> **Problem to solve**:
Copy out every line of the records where the string "BuildSketch" occurs.

> **Supplied records**:
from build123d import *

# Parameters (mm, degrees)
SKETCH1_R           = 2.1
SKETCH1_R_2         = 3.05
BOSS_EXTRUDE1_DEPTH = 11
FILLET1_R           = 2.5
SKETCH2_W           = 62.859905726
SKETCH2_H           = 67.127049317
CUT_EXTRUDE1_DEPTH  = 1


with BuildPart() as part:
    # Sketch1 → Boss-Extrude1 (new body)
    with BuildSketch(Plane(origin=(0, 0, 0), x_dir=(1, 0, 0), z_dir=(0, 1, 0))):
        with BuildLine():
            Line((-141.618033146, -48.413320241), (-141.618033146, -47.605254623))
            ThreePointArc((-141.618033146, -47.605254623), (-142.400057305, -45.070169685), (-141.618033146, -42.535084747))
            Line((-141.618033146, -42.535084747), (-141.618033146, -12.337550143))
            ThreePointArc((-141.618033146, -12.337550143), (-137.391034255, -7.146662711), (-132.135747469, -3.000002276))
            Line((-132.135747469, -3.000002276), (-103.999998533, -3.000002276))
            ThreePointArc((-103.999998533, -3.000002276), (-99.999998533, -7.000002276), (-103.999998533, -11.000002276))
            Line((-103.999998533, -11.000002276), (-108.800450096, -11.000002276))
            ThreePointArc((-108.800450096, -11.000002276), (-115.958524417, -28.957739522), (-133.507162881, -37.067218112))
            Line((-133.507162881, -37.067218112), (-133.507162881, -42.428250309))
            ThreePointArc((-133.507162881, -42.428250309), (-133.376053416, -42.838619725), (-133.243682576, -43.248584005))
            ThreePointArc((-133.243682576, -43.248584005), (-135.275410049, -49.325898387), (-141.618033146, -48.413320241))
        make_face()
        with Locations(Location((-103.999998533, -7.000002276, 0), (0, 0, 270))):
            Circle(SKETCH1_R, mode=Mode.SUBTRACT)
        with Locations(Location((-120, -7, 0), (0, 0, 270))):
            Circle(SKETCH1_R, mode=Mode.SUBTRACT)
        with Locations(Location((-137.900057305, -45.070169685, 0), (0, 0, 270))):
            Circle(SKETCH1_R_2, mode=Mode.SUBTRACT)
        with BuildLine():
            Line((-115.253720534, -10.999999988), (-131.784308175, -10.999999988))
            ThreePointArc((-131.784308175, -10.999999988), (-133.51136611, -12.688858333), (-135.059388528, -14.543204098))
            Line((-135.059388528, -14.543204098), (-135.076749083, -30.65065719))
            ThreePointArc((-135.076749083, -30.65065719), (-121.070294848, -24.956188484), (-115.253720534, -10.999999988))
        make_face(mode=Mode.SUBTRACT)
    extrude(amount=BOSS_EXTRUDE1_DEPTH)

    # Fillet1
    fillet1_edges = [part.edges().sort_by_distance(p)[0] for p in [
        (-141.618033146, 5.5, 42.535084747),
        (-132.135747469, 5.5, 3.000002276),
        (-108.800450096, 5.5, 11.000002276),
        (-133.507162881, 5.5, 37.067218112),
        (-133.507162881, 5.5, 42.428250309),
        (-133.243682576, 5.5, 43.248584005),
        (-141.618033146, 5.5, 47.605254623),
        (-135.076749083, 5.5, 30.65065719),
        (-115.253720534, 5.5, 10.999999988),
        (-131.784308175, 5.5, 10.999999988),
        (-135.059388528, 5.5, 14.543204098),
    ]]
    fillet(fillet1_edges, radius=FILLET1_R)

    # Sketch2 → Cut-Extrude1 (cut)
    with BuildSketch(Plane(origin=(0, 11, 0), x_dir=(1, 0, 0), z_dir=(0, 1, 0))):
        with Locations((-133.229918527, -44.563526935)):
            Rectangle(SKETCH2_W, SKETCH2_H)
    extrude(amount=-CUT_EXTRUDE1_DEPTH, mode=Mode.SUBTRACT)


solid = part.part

> **Answer to the problem**:
    with BuildSketch(Plane(origin=(0, 0, 0), x_dir=(1, 0, 0), z_dir=(0, 1, 0))):
    with BuildSketch(Plane(origin=(0, 11, 0), x_dir=(1, 0, 0), z_dir=(0, 1, 0))):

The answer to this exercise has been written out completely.